▸ **WHAT NEEDS TO BE DONE**: Repeat precisely the span of lines below that opens with the line containing "#87=AXIS2_PLACEMENT_3D('',#84,#85,#86);" and closes with the line containing "#94=CARTESIAN_POINT('',(-4.4831,0.,-32.4866));", both included.

▸ **SUPPLIED INFORMATION**:

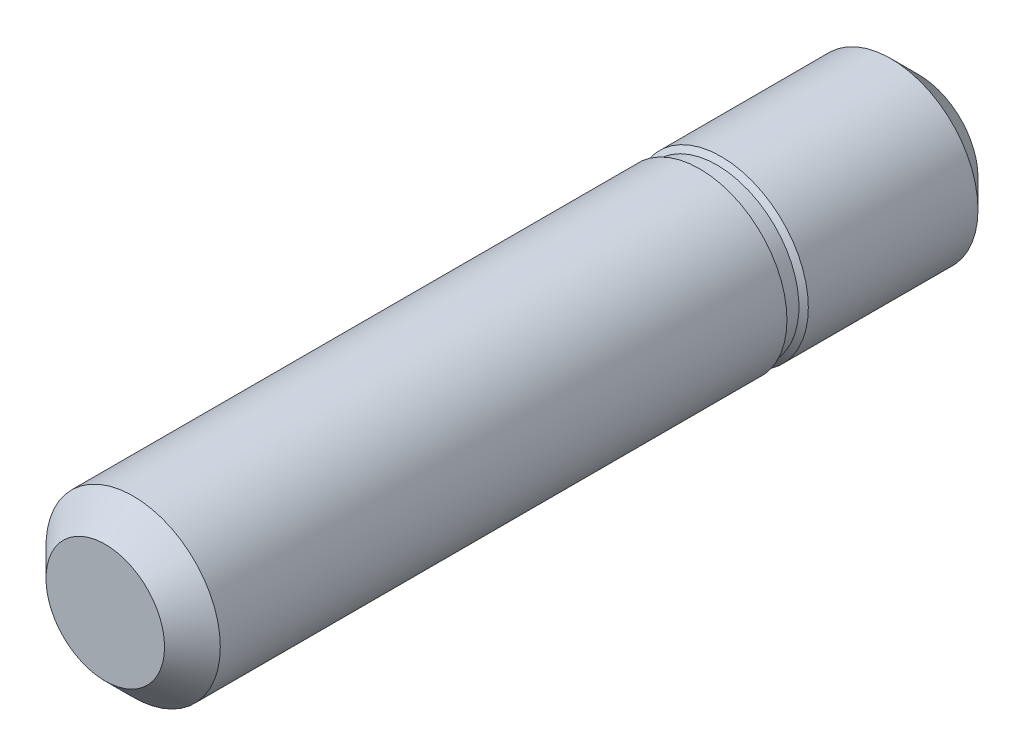
ISO-10303-21;
HEADER;
FILE_DESCRIPTION(('STEP AP214'),'2;1');
FILE_NAME('part.step','',(''),(''),'','','');
FILE_SCHEMA(('AUTOMOTIVE_DESIGN { 1 0 10303 214 1 1 1 1 }'));
ENDSEC;
DATA;
#1=APPLICATION_CONTEXT('core data for automotive mechanical design processes');
#2=APPLICATION_PROTOCOL_DEFINITION('international standard','automotive_design',2000,#1);
#3=PRODUCT_CONTEXT('',#1,'mechanical');
#4=PRODUCT('Part','Part','',(#3));
#5=PRODUCT_RELATED_PRODUCT_CATEGORY('part','',(#4));
#6=PRODUCT_DEFINITION_FORMATION('','',#4);
#7=PRODUCT_DEFINITION_CONTEXT('part definition',#1,'design');
#8=PRODUCT_DEFINITION('design','',#6,#7);
#9=PRODUCT_DEFINITION_SHAPE('','',#8);
#10=(LENGTH_UNIT() NAMED_UNIT(*) SI_UNIT(.MILLI.,.METRE.));
#11=(NAMED_UNIT(*) PLANE_ANGLE_UNIT() SI_UNIT($,.RADIAN.));
#12=(NAMED_UNIT(*) SI_UNIT($,.STERADIAN.) SOLID_ANGLE_UNIT());
#13=UNCERTAINTY_MEASURE_WITH_UNIT(LENGTH_MEASURE(1.E-05),#10,'distance_accuracy_value','');
#14=(GEOMETRIC_REPRESENTATION_CONTEXT(3) GLOBAL_UNCERTAINTY_ASSIGNED_CONTEXT((#13)) GLOBAL_UNIT_ASSIGNED_CONTEXT((#10,
#11,#12)) REPRESENTATION_CONTEXT('',''));
#15=CARTESIAN_POINT('',(0.,0.,0.));
#16=DIRECTION('',(0.,0.,1.));
#17=DIRECTION('',(1.,0.,0.));
#18=AXIS2_PLACEMENT_3D('',#15,#16,#17);
#19=CARTESIAN_POINT('',(0.,0.,-44.45));
#20=DIRECTION('',(0.,0.,1.));
#21=DIRECTION('',(1.,0.,0.));
#22=AXIS2_PLACEMENT_3D('',#19,#20,#21);
#23=CYLINDRICAL_SURFACE('',#22,4.7625);
#24=CARTESIAN_POINT('',(0.,0.,-42.926));
#25=DIRECTION('',(0.,0.,1.));
#26=DIRECTION('',(1.,0.,0.));
#27=AXIS2_PLACEMENT_3D('',#24,#25,#26);
#28=CIRCLE('',#27,4.7625);
#29=CARTESIAN_POINT('',(4.7625,0.,-42.926));
#30=VERTEX_POINT('',#29);
#31=EDGE_CURVE('E44',#30,#30,#28,.T.);
#32=ORIENTED_EDGE('',*,*,#31,.T.);
#33=EDGE_LOOP('',(#32));
#34=FACE_BOUND('',#33,.T.);
#35=CARTESIAN_POINT('',(0.,0.,-33.655));
#36=DIRECTION('',(0.,0.,-1.));
#37=DIRECTION('',(-1.,0.,0.));
#38=AXIS2_PLACEMENT_3D('',#35,#36,#37);
#39=CIRCLE('',#38,4.7625);
#40=CARTESIAN_POINT('',(-4.7625,0.,-33.655));
#41=VERTEX_POINT('',#40);
#42=EDGE_CURVE('E57',#41,#41,#39,.T.);
#43=ORIENTED_EDGE('',*,*,#42,.T.);
#44=EDGE_LOOP('',(#43));
#45=FACE_BOUND('',#44,.T.);
#46=ADVANCED_FACE('F37',(#34,#45),#23,.T.);
#47=CARTESIAN_POINT('',(0.,0.,-44.45));
#48=DIRECTION('',(0.,0.,1.));
#49=DIRECTION('',(1.,0.,0.));
#50=AXIS2_PLACEMENT_3D('',#47,#48,#49);
#51=PLANE('',#50);
#52=CARTESIAN_POINT('',(0.,0.,-44.45));
#53=DIRECTION('',(0.,0.,1.));
#54=DIRECTION('',(1.,0.,0.));
#55=AXIS2_PLACEMENT_3D('',#52,#53,#54);
#56=CIRCLE('',#55,3.2385);
#57=CARTESIAN_POINT('',(3.2385,0.,-44.45));
#58=VERTEX_POINT('',#57);
#59=EDGE_CURVE('E10',#58,#58,#56,.F.);
#60=ORIENTED_EDGE('',*,*,#59,.T.);
#61=EDGE_LOOP('',(#60));
#62=FACE_BOUND('',#61,.T.);
#63=ADVANCED_FACE('F98',(#62),#51,.F.);
#64=CARTESIAN_POINT('',(0.,0.,-33.4205555630491));
#65=DIRECTION('',(0.,0.,-1.));
#66=DIRECTION('',(-1.,0.,0.));
#67=AXIS2_PLACEMENT_3D('',#64,#65,#66);
#68=CONICAL_SURFACE('',#67,4.4831,0.872664625997178);
#69=ORIENTED_EDGE('',*,*,#42,.F.);
#70=EDGE_LOOP('',(#69));
#71=FACE_BOUND('',#70,.T.);
#72=CARTESIAN_POINT('',(0.,0.,-33.4205555630491));
#73=DIRECTION('',(0.,0.,-1.));
#74=DIRECTION('',(-1.,0.,0.));
#75=AXIS2_PLACEMENT_3D('',#72,#73,#74);
#76=CIRCLE('',#75,4.4831);
#77=CARTESIAN_POINT('',(-4.4831,0.,-33.4205555630491));
#78=VERTEX_POINT('',#77);
#79=EDGE_CURVE('E66',#78,#78,#76,.T.);
#80=ORIENTED_EDGE('',*,*,#79,.T.);
#81=EDGE_LOOP('',(#80));
#82=FACE_BOUND('',#81,.T.);
#83=ADVANCED_FACE('F70',(#71,#82),#68,.T.);
#84=CARTESIAN_POINT('',(-4.7625,0.,-32.4866));
#85=DIRECTION('',(0.,0.,1.));
#86=DIRECTION('',(1.,0.,0.));
#87=AXIS2_PLACEMENT_3D('',#84,#85,#86);
#88=PLANE('',#87);
#89=CARTESIAN_POINT('',(0.,0.,-32.4866));
#90=DIRECTION('',(0.,0.,-1.));
#91=DIRECTION('',(-1.,0.,0.));
#92=AXIS2_PLACEMENT_3D('',#89,#90,#91);
#93=CIRCLE('',#92,4.4831);
#94=CARTESIAN_POINT('',(-4.4831,0.,-32.4866));
#95=VERTEX_POINT('',#94);
#96=EDGE_CURVE('E63',#95,#95,#93,.T.);
#97=ORIENTED_EDGE('',*,*,#96,.F.);
#98=EDGE_LOOP('',(#97));
#99=FACE_BOUND('',#98,.T.);
#100=CARTESIAN_POINT('',(0.,0.,-32.4866));
#101=DIRECTION('',(0.,0.,-1.));
#102=DIRECTION('',(-1.,0.,0.));
#103=AXIS2_PLACEMENT_3D('',#100,#101,#102);
#104=CIRCLE('',#103,4.7625);
#105=CARTESIAN_POINT('',(-4.7625,0.,-32.4866));
#106=VERTEX_POINT('',#105);
#107=EDGE_CURVE('E60',#106,#106,#104,.T.);
#108=ORIENTED_EDGE('',*,*,#107,.T.);
#109=EDGE_LOOP('',(#108));
#110=FACE_BOUND('',#109,.T.);
#111=ADVANCED_FACE('F76',(#99,#110),#88,.F.);
#112=CARTESIAN_POINT('',(0.,0.,-44.45));
#113=DIRECTION('',(0.,0.,-1.));
#114=DIRECTION('',(-1.,0.,0.));
#115=AXIS2_PLACEMENT_3D('',#112,#113,#114);
#116=CYLINDRICAL_SURFACE('',#115,4.4831);
#117=ORIENTED_EDGE('',*,*,#79,.F.);
#118=EDGE_LOOP('',(#117));
#119=FACE_BOUND('',#118,.T.);
#120=ORIENTED_EDGE('',*,*,#96,.T.);
#121=EDGE_LOOP('',(#120));
#122=FACE_BOUND('',#121,.T.);
#123=ADVANCED_FACE('F72',(#119,#122),#116,.T.);
#124=CARTESIAN_POINT('',(0.,0.,0.));
#125=DIRECTION('',(0.,0.,1.));
#126=DIRECTION('',(1.,0.,0.));
#127=AXIS2_PLACEMENT_3D('',#124,#125,#126);
#128=PLANE('',#127);
#129=CARTESIAN_POINT('',(0.,0.,0.));
#130=DIRECTION('',(0.,0.,1.));
#131=DIRECTION('',(1.,0.,0.));
#132=AXIS2_PLACEMENT_3D('',#129,#130,#131);
#133=CIRCLE('',#132,3.23849999999998);
#134=CARTESIAN_POINT('',(3.23849999999998,0.,0.));
#135=VERTEX_POINT('',#134);
#136=EDGE_CURVE('E52',#135,#135,#133,.T.);
#137=ORIENTED_EDGE('',*,*,#136,.T.);
#138=EDGE_LOOP('',(#137));
#139=FACE_BOUND('',#138,.T.);
#140=ADVANCED_FACE('F75',(#139),#128,.T.);
#141=CARTESIAN_POINT('',(0.,0.,-1.52400000000001));
#142=DIRECTION('',(0.,0.,1.));
#143=DIRECTION('',(1.,0.,0.));
#144=AXIS2_PLACEMENT_3D('',#141,#142,#143);
#145=CIRCLE('',#144,4.7625);
#146=CARTESIAN_POINT('',(4.7625,0.,-1.52400000000001));
#147=VERTEX_POINT('',#146);
#148=EDGE_CURVE('E48',#147,#147,#145,.F.);
#149=ORIENTED_EDGE('',*,*,#148,.T.);
#150=EDGE_LOOP('',(#149));
#151=FACE_BOUND('',#150,.T.);
#152=ORIENTED_EDGE('',*,*,#107,.F.);
#153=EDGE_LOOP('',(#152));
#154=FACE_BOUND('',#153,.T.);
#155=ADVANCED_FACE('F85',(#151,#154),#23,.T.);
#156=CARTESIAN_POINT('',(0.,0.,0.));
#157=DIRECTION('',(0.,0.,-1.));
#158=DIRECTION('',(-1.,0.,0.));
#159=AXIS2_PLACEMENT_3D('',#156,#157,#158);
#160=CONICAL_SURFACE('',#159,3.23849999999998,0.78539816339745);
#161=ORIENTED_EDGE('',*,*,#148,.F.);
#162=EDGE_LOOP('',(#161));
#163=FACE_BOUND('',#162,.T.);
#164=ORIENTED_EDGE('',*,*,#136,.F.);
#165=EDGE_LOOP('',(#164));
#166=FACE_BOUND('',#165,.T.);
#167=ADVANCED_FACE('F87',(#163,#166),#160,.T.);
#168=CARTESIAN_POINT('',(0.,0.,-42.926));
#169=DIRECTION('',(0.,0.,1.));
#170=DIRECTION('',(1.,0.,0.));
#171=AXIS2_PLACEMENT_3D('',#168,#169,#170);
#172=CONICAL_SURFACE('',#171,4.7625,0.785398163397451);
#173=ORIENTED_EDGE('',*,*,#59,.F.);
#174=EDGE_LOOP('',(#173));
#175=FACE_BOUND('',#174,.T.);
#176=ORIENTED_EDGE('',*,*,#31,.F.);
#177=EDGE_LOOP('',(#176));
#178=FACE_BOUND('',#177,.T.);
#179=ADVANCED_FACE('F39',(#175,#178),#172,.T.);
#180=CLOSED_SHELL('',(#46,#63,#83,#111,#123,#140,#155,#167,#179));
#181=MANIFOLD_SOLID_BREP('B2',#180);
#182=ADVANCED_BREP_SHAPE_REPRESENTATION('',(#18,#181),#14);
#183=SHAPE_DEFINITION_REPRESENTATION(#9,#182);
ENDSEC;
END-ISO-10303-21;

▸ **SOLVED EXERCISE**:
#87=AXIS2_PLACEMENT_3D('',#84,#85,#86);
#88=PLANE('',#87);
#89=CARTESIAN_POINT('',(0.,0.,-32.4866));
#90=DIRECTION('',(0.,0.,-1.));
#91=DIRECTION('',(-1.,0.,0.));
#92=AXIS2_PLACEMENT_3D('',#89,#90,#91);
#93=CIRCLE('',#92,4.4831);
#94=CARTESIAN_POINT('',(-4.4831,0.,-32.4866));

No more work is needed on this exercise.